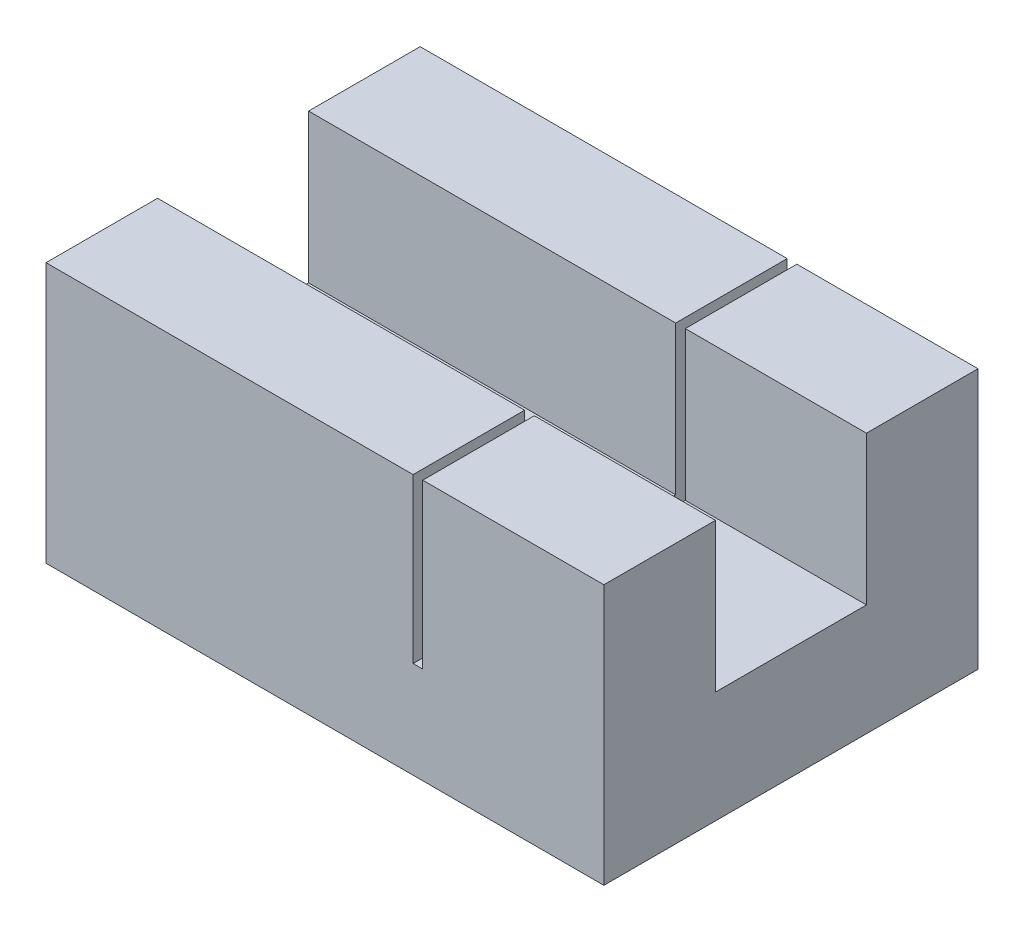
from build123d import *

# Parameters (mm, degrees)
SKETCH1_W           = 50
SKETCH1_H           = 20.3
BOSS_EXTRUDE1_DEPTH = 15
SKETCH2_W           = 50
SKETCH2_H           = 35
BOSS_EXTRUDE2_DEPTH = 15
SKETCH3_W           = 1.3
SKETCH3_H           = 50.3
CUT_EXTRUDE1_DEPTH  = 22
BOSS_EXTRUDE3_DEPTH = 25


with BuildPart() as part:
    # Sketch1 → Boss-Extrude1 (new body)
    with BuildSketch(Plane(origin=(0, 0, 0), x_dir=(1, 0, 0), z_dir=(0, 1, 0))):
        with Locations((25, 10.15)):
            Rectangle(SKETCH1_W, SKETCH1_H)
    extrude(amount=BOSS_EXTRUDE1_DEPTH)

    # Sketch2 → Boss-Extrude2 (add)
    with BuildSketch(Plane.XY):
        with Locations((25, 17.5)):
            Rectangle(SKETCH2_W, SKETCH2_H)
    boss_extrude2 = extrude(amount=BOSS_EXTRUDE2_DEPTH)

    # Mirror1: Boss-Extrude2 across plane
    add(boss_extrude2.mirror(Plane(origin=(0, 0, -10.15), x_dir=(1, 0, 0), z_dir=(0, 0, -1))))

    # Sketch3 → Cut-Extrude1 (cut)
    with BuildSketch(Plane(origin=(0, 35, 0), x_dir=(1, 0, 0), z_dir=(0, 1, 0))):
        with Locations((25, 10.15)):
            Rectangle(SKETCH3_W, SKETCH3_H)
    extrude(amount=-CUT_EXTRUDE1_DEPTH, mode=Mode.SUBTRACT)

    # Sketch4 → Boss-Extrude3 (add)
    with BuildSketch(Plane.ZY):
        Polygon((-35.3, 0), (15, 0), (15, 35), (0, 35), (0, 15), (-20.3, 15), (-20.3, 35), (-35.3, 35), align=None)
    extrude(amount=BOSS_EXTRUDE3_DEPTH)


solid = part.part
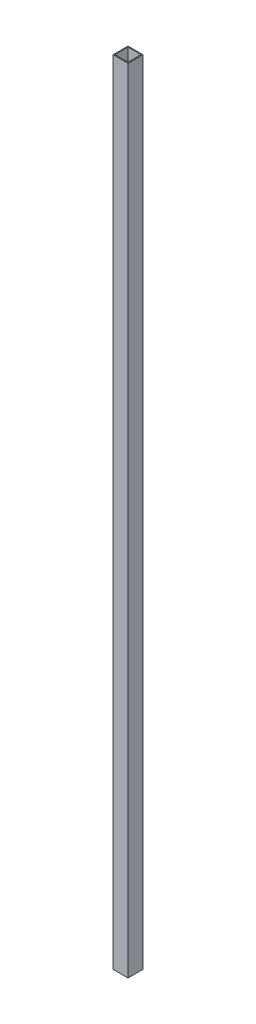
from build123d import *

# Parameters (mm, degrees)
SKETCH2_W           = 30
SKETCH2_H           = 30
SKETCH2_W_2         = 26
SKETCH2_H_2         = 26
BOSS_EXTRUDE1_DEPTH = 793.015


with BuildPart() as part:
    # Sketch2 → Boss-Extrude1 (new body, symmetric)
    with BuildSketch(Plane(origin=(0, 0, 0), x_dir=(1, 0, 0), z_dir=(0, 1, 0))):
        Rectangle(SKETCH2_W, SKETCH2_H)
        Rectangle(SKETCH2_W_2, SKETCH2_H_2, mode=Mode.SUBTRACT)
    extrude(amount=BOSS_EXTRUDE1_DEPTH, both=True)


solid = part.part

----

- [WHAT THE TASK REQUIRES]: Filter the lines above so that only those with the string "Mode" remain, then copy them.

- [ANSWER SECTION]:
    extrude(amount=-CUT_EXTRUDE1_DEPTH, mode=Mode.SUBTRACT)
        Rectangle(SKETCH2_W_2, SKETCH2_H_2, mode=Mode.SUBTRACT)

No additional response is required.